You want to gather and depart--
convene a love tribunal then run
to the nearest table and climb underneath,
wrapping the edges of your sweater
tight against itself.

Grief is digging down, further than you can feel
while gasping for breath, reaching for daylight,
hoping for a sign of life--a butterfly,
a window, a cormorant on the waves.

I once felt grief so terrible that my body
fell face forward, knees curled under me on the
hard industrial carpet of the church.  My heart
wished it could descend through the nasty synthetic
flooring--slip through the foundation,
descend into dirt, be covered and protected by dirt.

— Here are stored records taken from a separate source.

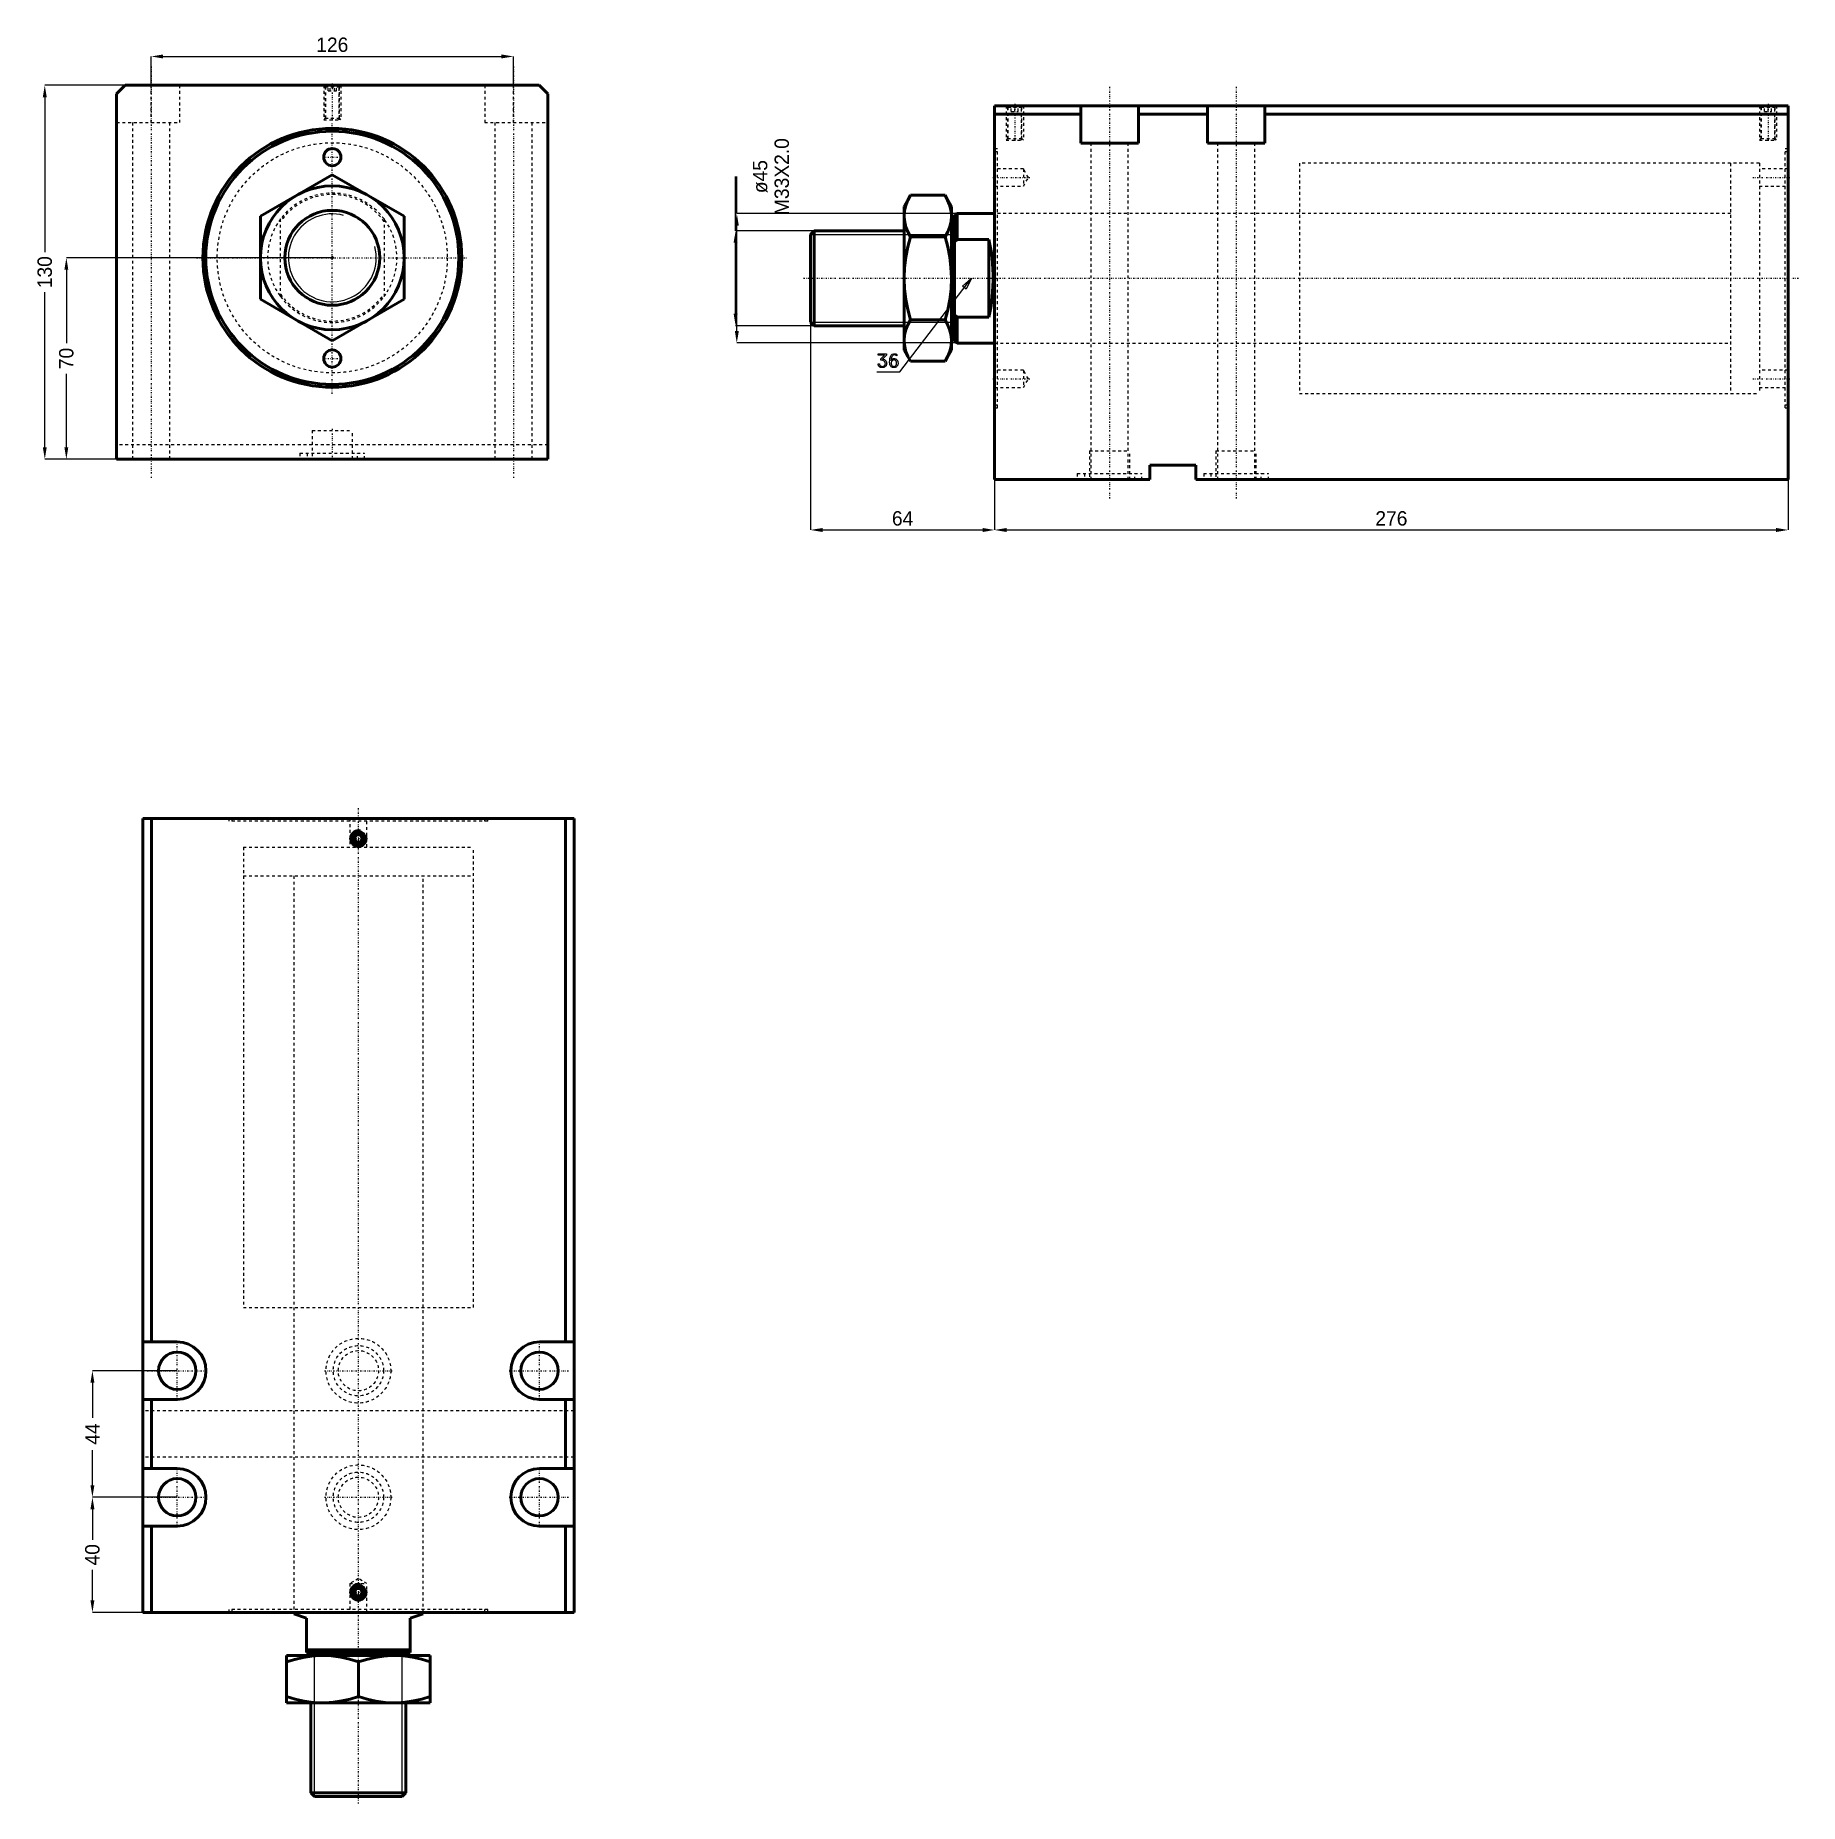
# Model space of a CAD drawing. Header units: millimetres. Extents: x -103 to 510, y -537 to 77.
import ezdxf

# ---------------------------------------------------------------- set-up
doc = ezdxf.new("R2010")
doc.units = ezdxf.units.MM
doc.linetypes.add('Center', pattern=[1.5, 0.45, -0.5, 0.05, -0.5])
doc.linetypes.add('Dashed', pattern=[2, 1, -1])
for name, color, linetype, lineweight in [('2d ConnectionPoints', 7, 'Continuous', 50), ('AM_0', 7, 'Continuous', 50), ('AM_5', 3, 'Continuous', 25), ('AM_7', 7, 'Center', 25), ('AM_9', 6, 'Dashed', 25)]:
    doc.layers.add(name, color=color, linetype=linetype, lineweight=lineweight)
doc.dimstyles.new('ISO-25', dxfattribs={"dimtxt": 2.5, "dimasz": 2.5, "dimexe": 1.25, "dimexo": 0.625, "dimtad": 1, "dimtxsty": 'Standard', "dimcen": 2.5, "dimadec": 0, "dimazin": 0, "dimtfac": 1, "dimtmove": 0, "dimatfit": 3, "dimfxl": 0, "dimarcsym": 0})

# ---------------------------------------------------------------- blocks, each defined once
blk = doc.blocks.new('1_JECX_MF_EXLA_80_150_0_rod__0_in_JECX_MF_160_EXLA_80_150_0__0')
at = {"layer": 'AM_0'}
for p, q in [((-25, 14.43), (0, 28.87)), ((0, 28.87), (25, 14.43)), ((-25, -14.43), (-25, 14.43)), ((25, 14.43), (25, -14.43)), ((0, -28.87), (-25, -14.43)), ((25, -14.43), (0, -28.87))]:
    blk.add_line(p, q, dxfattribs=at)
for radius in [25, 16.5]:
    blk.add_circle((0, 0), radius, dxfattribs=at)
at = {"layer": 'AM_5'}
blk.add_arc((0, 0), 15.27, 75, 15, dxfattribs=at)
at = {"layer": 'AM_9'}
for p, q in [((-18, -13.5), (-18, 13.5)), ((18, 13.5), (18, -13.5))]:
    blk.add_line(p, q, dxfattribs=at)
for points in [[(-18, 13.5), (-19.11, 11.88), (-20.07, 10.17), (-20.88, 8.38), (-21.53, 6.53), (-22.02, 4.63), (-22.34, 2.69), (-22.49, 0.73), (-22.47, -1.23), (-22.27, -3.18), (-21.91, -5.11), (-21.38, -7), (-20.69, -8.84), (-19.84, -10.61), (-18.84, -12.3), (-18, -13.5)], [(18, -13.5), (19.11, -11.88), (20.07, -10.17), (20.88, -8.38), (21.53, -6.53), (22.02, -4.63), (22.34, -2.69), (22.49, -0.73), (22.47, 1.23), (22.27, 3.18), (21.91, 5.11), (21.38, 7), (20.69, 8.84), (19.84, 10.61), (18.84, 12.3), (18, 13.5)]]:
    blk.add_lwpolyline(points, dxfattribs=at)
blk.add_circle((0, 0), 16.27, dxfattribs=at)
for radius, start, end in [(22.5, 36.8699, 143.1301), (22, 35.0968, 144.9032), (22, 215.0968, 324.9032), (22.5, 216.8699, 323.1301)]:
    blk.add_arc((0, 0), radius, start, end, dxfattribs=at)
blk = doc.blocks.new('2_JECX_MF_EXLA_80_150_0_body__0_in_JECX_MF_160_EXLA_80_150_0__0')
at = {"layer": 'AM_0'}
for p, q in [((-72, 60), (-75, 57)), ((-75, 57), (-75, -70)), ((72, 60), (-72, 60)), ((75, 57), (72, 60)), ((75, -70), (75, 57)), ((-75, -70), (75, -70))]:
    blk.add_line(p, q, dxfattribs=at)
for centre, radius in [((0, 0), 45), ((0, 0), 44), ((0, 35), 3), ((0, -35), 3)]:
    blk.add_circle(centre, radius, dxfattribs=at)
at = {"layer": 'AM_5', "linetype": 'Dashed'}
for p, q in [((-3, 60), (-3, 48)), ((3, 60), (3, 48))]:
    blk.add_line(p, q, dxfattribs=at)
at = {"layer": 'AM_7'}
for p, q in [((-63, 66.5), (-63, -76.5)), ((63, 66.5), (63, -76.5)), ((0, 60.6), (0, 47.4)), ((0, -47.25), (0, 47.25)), ((-3.15, 35), (3.15, 35)), ((-47.25, 0), (47.25, 0)), ((-3.15, -35), (3.15, -35)), ((0, -59.5), (0, -70.5))]:
    blk.add_line(p, q, dxfattribs=at)
at = {"layer": 'AM_9'}
for p, q in [((-63, 47), (-63, 60)), ((-53, 47), (-53, 60)), ((-3, 60), (-2.46, 59.46)), ((-2.46, 59.46), (-2.46, 48.54)), ((-2.46, 59.46), (2.46, 59.46)), ((-1.9, 60), (-2.4, 59.5)), ((-2.4, 59.5), (-2.4, 48)), ((-2.4, 59.5), (2.4, 59.5)), ((-1.44, 58), (-1.44, 60)), ((-1.44, 58), (1.44, 58)), ((-0.72, 58), (-0.72, 60)), ((0.72, 58), (0.72, 60)), ((1.44, 58), (1.44, 60)), ((2.4, 59.5), (1.9, 60)), ((2.4, 48), (2.4, 59.5)), ((2.46, 59.46), (3, 60)), ((2.46, 48.54), (2.46, 59.46)), ((53, 60), (53, 47)), ((63, 47), (63, 60)), ((-75, 47), (-53, 47)), ((-69.5, 47), (-69.5, -70)), ((-56.5, -70), (-56.5, 47)), ((-2.46, 48.54), (-3, 48)), ((-3, 48), (3, 48)), ((-2.46, 48.54), (2.46, 48.54)), ((3, 48), (2.46, 48.54)), ((53, 47), (75, 47)), ((56.5, 47), (56.5, -70)), ((69.5, -70), (69.5, 47)), ((-7, -60), (7, -60)), ((-7, -60), (-7, -70)), ((7, -70), (7, -60)), ((75, -65), (-75, -65)), ((-11.25, -67.9), (11.25, -67.9)), ((-11.25, -67.9), (-11.25, -70)), ((-8.75, -67.9), (-8.75, -70)), ((8.75, -70), (8.75, -67.9)), ((11.25, -70), (11.25, -67.9))]:
    blk.add_line(p, q, dxfattribs=at)
blk.add_circle((0, 0), 40, dxfattribs=at)
blk = doc.blocks.new('*D3')
at = {"layer": 'AM_5', "color": 0, "lineweight": -2}
for p, q in [((-63, 60), (-63, 70)), ((-58.83, 70), (58.83, 70)), ((63, 60), (63, 70))]:
    blk.add_line(p, q, dxfattribs=at)
at = {"layer": 'AM_5', "color": 0}
for points in [[(-58.83, 70.69), (-58.83, 69.31), (-63, 70)], [(58.83, 69.31), (58.83, 70.69), (63, 70)]]:
    blk.add_solid(points, dxfattribs=at)
at = {"layer": 'Defpoints', "color": 0}
for p in [(63, 70), (-63, 60), (63, 60)]:
    blk.add_point(p, dxfattribs=at)
at = {"layer": 'AM_5', "color": 0, "insert": (0, 74.05), "char_height": 5, "attachment_point": 5}
blk.add_mtext('126', dxfattribs=at)
blk = doc.blocks.new('*D4')
at = {"layer": 'AM_5', "color": 0, "lineweight": -2}
for p, q in [((-72, 60), (-100, 60)), ((-100, 55.83), (-100, 1.97)), ((-100, -65.83), (-100, -11.97)), ((-75, -70), (-100, -70))]:
    blk.add_line(p, q, dxfattribs=at)
at = {"layer": 'AM_5', "color": 0}
for points in [[(-99.31, 55.83), (-100.69, 55.83), (-100, 60)], [(-100.69, -65.83), (-99.31, -65.83), (-100, -70)]]:
    blk.add_solid(points, dxfattribs=at)
at = {"layer": 'Defpoints', "color": 0}
for p in [(-72, 60), (-100, -70), (-75, -70)]:
    blk.add_point(p, dxfattribs=at)
at = {"layer": 'AM_5', "color": 0, "insert": (-100, -5), "char_height": 5, "attachment_point": 5, "rotation": 90}
blk.add_mtext('130', dxfattribs=at)
blk = doc.blocks.new('*D5')
at = {"layer": 'AM_5', "color": 0, "lineweight": -2}
for p, q in [((0, 0), (-92.5, 0)), ((-92.5, -4.17), (-92.5, -29.72)), ((-92.5, -65.83), (-92.5, -40.28)), ((-75, -70), (-92.5, -70))]:
    blk.add_line(p, q, dxfattribs=at)
at = {"layer": 'AM_5', "color": 0}
for points in [[(-91.81, -4.17), (-93.19, -4.17), (-92.5, 0)], [(-93.19, -65.83), (-91.81, -65.83), (-92.5, -70)]]:
    blk.add_solid(points, dxfattribs=at)
at = {"layer": 'Defpoints', "color": 0}
for p in [(0, 0), (-92.5, -70), (-75, -70)]:
    blk.add_point(p, dxfattribs=at)
at = {"layer": 'AM_5', "color": 0, "insert": (-92.5, -35), "char_height": 5, "attachment_point": 5, "rotation": 90}
blk.add_mtext('70', dxfattribs=at)
blk = doc.blocks.new('1_JECX_MF_EXLA_80_150_0_rod__0_in_JECX_MF_160_EXLA_80_150_0__4')
at = {"layer": 'AM_0'}
for p, q in [((-22.5, 0), (-22.5, -0.54)), ((22.5, -0.54), (22.5, 0)), ((-18, -2), (-22.5, -0.54)), ((-18, -14), (-18, -2)), ((22.5, -0.54), (18, -2)), ((18, -2), (18, -14)), ((25, -15), (-25, -15)), ((-25, -31.5), (-25, -15)), ((-18, -13), (18, -13)), ((-18, -14), (18, -14)), ((-15.27, -14), (-16.27, -15)), ((0, -29.27), (0, -17.23)), ((16.27, -15), (15.27, -14)), ((25, -15), (25, -31.5)), ((25, -31.5), (-25, -31.5)), ((-16.5, -31.5), (-16.5, -62.77)), ((16.5, -62.77), (16.5, -31.5)), ((-16.5, -62.77), (16.5, -62.77)), ((-16.5, -62.77), (-15.27, -64)), ((-15.27, -64), (15.27, -64)), ((15.27, -64), (16.5, -62.77))]:
    blk.add_line(p, q, dxfattribs=at)
for points in [[(-12.5, -15), (-13.39, -15.01), (-16.31, -15.22), (-19.2, -15.68), (-22.12, -16.36), (-25, -17.23)], [(0, -17.23), (-3.04, -16.32), (-6.12, -15.61), (-9.3, -15.16), (-12.5, -15)], [(12.5, -15), (11.61, -15.01), (8.69, -15.22), (5.8, -15.68), (2.88, -16.36), (0, -17.23)], [(25, -17.23), (21.96, -16.32), (18.88, -15.61), (15.7, -15.16), (12.5, -15)], [(-25, -29.27), (-21.96, -30.18), (-18.88, -30.89), (-15.7, -31.34), (-12.5, -31.5)], [(-12.5, -31.5), (-11.61, -31.49), (-8.69, -31.28), (-5.8, -30.82), (-2.88, -30.14), (0, -29.27)], [(0, -29.27), (3.04, -30.18), (6.12, -30.89), (9.3, -31.34), (12.5, -31.5)], [(12.5, -31.5), (13.39, -31.49), (16.31, -31.28), (19.2, -30.82), (22.12, -30.14), (25, -29.27)]]:
    blk.add_lwpolyline(points, dxfattribs=at)
at = {"layer": 'AM_5'}
for p, q in [((-15.27, -64), (-15.27, -14)), ((15.27, -64), (15.27, -14))]:
    blk.add_line(p, q, dxfattribs=at)
at = {"layer": 'AM_7'}
blk.add_line((0, -66.5), (0, 280), dxfattribs=at)
at = {"layer": 'AM_9'}
for p, q in [((-40, 266), (40, 266)), ((-40, 266), (-40, 256)), ((40, 256), (40, 266)), ((-40, 256), (40, 256)), ((-22.5, 256), (-22.5, 0)), ((22.5, 0), (22.5, 256))]:
    blk.add_line(p, q, dxfattribs=at)
blk = doc.blocks.new('2_JECX_MF_EXLA_80_150_0_body__0_in_JECX_MF_160_EXLA_80_150_0__4')
at = {"layer": 'AM_0'}
for p, q in [((75, 276), (-75, 276)), ((-75, 276), (-75, 0)), ((-72, 276), (-72, 94)), ((72, 276), (72, 94)), ((75, 276), (75, 0)), ((-0.72, 270.25), (-1.44, 269)), ((-1.44, 269), (-0.72, 267.75)), ((0.72, 270.25), (-0.72, 270.25)), ((-0.72, 267.75), (0.72, 267.75)), ((1.44, 269), (0.72, 270.25)), ((0.72, 267.75), (1.44, 269)), ((-63, 94), (-75, 94)), ((75, 94), (63, 94)), ((-75, 74), (-63, 74)), ((-72, 74), (-72, 50)), ((63, 74), (75, 74)), ((72, 74), (72, 50)), ((-63, 50), (-75, 50)), ((75, 50), (63, 50)), ((-75, 30), (-63, 30)), ((-72, 30), (-72, 0)), ((63, 30), (75, 30)), ((72, 30), (72, 0)), ((-0.72, 8.25), (-1.44, 7)), ((-1.44, 7), (-0.72, 5.75)), ((0.72, 8.25), (-0.72, 8.25)), ((1.44, 7), (0.72, 8.25)), ((0.72, 5.75), (1.44, 7)), ((75, 0), (-75, 0)), ((-0.72, 5.75), (0.72, 5.75))]:
    blk.add_line(p, q, dxfattribs=at)
for centre, radius in [((0, 269), 2.46), ((0, 269), 2.4), ((0, 269), 1.9), ((-63, 84), 6.5), ((63, 84), 6.5), ((-63, 40), 6.5), ((63, 40), 6.5), ((0, 7), 2.46), ((0, 7), 2.4), ((0, 7), 1.9)]:
    blk.add_circle(centre, radius, dxfattribs=at)
for centre, start, end in [((-63, 84), 270, 90), ((63, 84), 90, 270), ((-63, 40), 270, 90), ((63, 40), 90, 270)]:
    blk.add_arc(centre, 10, start, end, dxfattribs=at)
at = {"layer": 'AM_5'}
for centre in [(0, 269), (0, 7)]:
    blk.add_arc(centre, 3, 75, 15, dxfattribs=at)
at = {"layer": 'AM_7'}
for p, q in [((-3.15, 269), (3.15, 269)), ((-63, 73.5), (-63, 94.5)), ((63, 73.5), (63, 94.5)), ((-73.5, 84), (-52.5, 84)), ((-11.81, 84), (11.81, 84)), ((52.5, 84), (73.5, 84)), ((-63, 29.5), (-63, 50.5)), ((63, 29.5), (63, 50.5)), ((-73.5, 40), (-52.5, 40)), ((-11.81, 40), (11.81, 40)), ((52.5, 40), (73.5, 40)), ((-3.15, 7), (3.15, 7))]:
    blk.add_line(p, q, dxfattribs=at)
at = {"layer": 'AM_9'}
for p, q in [((-45, 276), (-45, 275)), ((45, 275), (-45, 275)), ((-44, 276), (-44, 275)), ((-3, 276), (-3, 266)), ((3, 266), (3, 276)), ((44, 275), (44, 276)), ((45, 275), (45, 276)), ((-40, 266), (40, 266)), ((-40, 266), (-40, 106)), ((40, 106), (40, 266)), ((-40, 106), (40, 106)), ((-22.5, 106), (-22.5, 0)), ((22.5, 0), (22.5, 106)), ((75, 70), (-75, 70)), ((75, 54), (-75, 54)), ((0, 11.73), (-3, 10)), ((-3, 10), (-3, 0)), ((-3, 10), (3, 10)), ((3, 10), (0, 11.73)), ((3, 0), (3, 10)), ((45, 1), (-45, 1)), ((-45, 1), (-45, 0)), ((-44, 1), (-44, 0)), ((44, 0), (44, 1)), ((45, 0), (45, 1))]:
    blk.add_line(p, q, dxfattribs=at)
for centre, radius in [((0, 84), 11.25), ((0, 84), 8.75), ((0, 84), 7), ((0, 40), 11.25), ((0, 40), 8.75), ((0, 40), 7)]:
    blk.add_circle(centre, radius, dxfattribs=at)
blk = doc.blocks.new('*D11')
at = {"layer": 'AM_5', "color": 0, "lineweight": -2}
for p, q in [((-53.93, -386.88), (-83.43, -386.88)), ((-83.43, -391.05), (-83.43, -403.21)), ((-83.43, -426.71), (-83.43, -414.55)), ((-53.93, -430.88), (-83.43, -430.88))]:
    blk.add_line(p, q, dxfattribs=at)
at = {"layer": 'AM_5', "color": 0}
for points in [[(-84.12, -391.05), (-82.74, -391.05), (-83.43, -386.88)], [(-84.12, -426.71), (-82.74, -426.71), (-83.43, -430.88)]]:
    blk.add_solid(points, dxfattribs=at)
at = {"layer": 'Defpoints', "color": 0}
for p in [(-83.43, -386.88), (-53.93, -386.88), (-53.93, -430.88)]:
    blk.add_point(p, dxfattribs=at)
at = {"layer": 'AM_5', "color": 0, "insert": (-83.43, -408.88), "char_height": 5, "attachment_point": 5, "rotation": 90}
blk.add_mtext('44', dxfattribs=at)
blk = doc.blocks.new('*D12')
at = {"layer": 'AM_5', "color": 0, "lineweight": -2}
for p, q in [((-53.93, -430.88), (-83.43, -430.88)), ((-83.43, -435.05), (-83.43, -445.63)), ((-83.43, -466.71), (-83.43, -456.13)), ((-65.93, -470.88), (-83.43, -470.88))]:
    blk.add_line(p, q, dxfattribs=at)
at = {"layer": 'AM_5', "color": 0}
for points in [[(-84.12, -435.05), (-82.74, -435.05), (-83.43, -430.88)], [(-84.12, -466.71), (-82.74, -466.71), (-83.43, -470.88)]]:
    blk.add_solid(points, dxfattribs=at)
at = {"layer": 'Defpoints', "color": 0}
for p in [(-53.93, -430.88), (-83.43, -470.88), (-65.93, -470.88)]:
    blk.add_point(p, dxfattribs=at)
at = {"layer": 'AM_5', "color": 0, "insert": (-83.43, -450.88), "char_height": 5, "attachment_point": 5, "rotation": 90}
blk.add_mtext('40', dxfattribs=at)
blk = doc.blocks.new('1_JECX_MF_EXLA_80_150_0_rod__0_in_JECX_MF_160_EXLA_80_150_0__2')
at = {"layer": 'AM_0'}
for p, q in [((-29.27, 28.87), (-31.5, 25)), ((-31.5, 25), (-31.5, -25)), ((-29.27, 28.87), (-17.23, 28.87)), ((-15, 25), (-17.23, 28.87)), ((-15, 25), (-15, -25)), ((-13, 22.5), (-14, 22)), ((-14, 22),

But that is the grief of abandonment.

What of loss.  The loss of a love that has never hurt you.
How do we heal that ache, that pure pain.
We can never feign joy.  We wade into the lake where
grief is shimmering on the surface and
sorrow is the bitterly-cold at our feet.  We hesitate.
We swim.  We endure.  We hope.
We return to the earth drenched.
We are dried by the sun's heat.
We walk forward,
ahead,
without despair,
and look back to see the cormorant
plunging the waters for fish.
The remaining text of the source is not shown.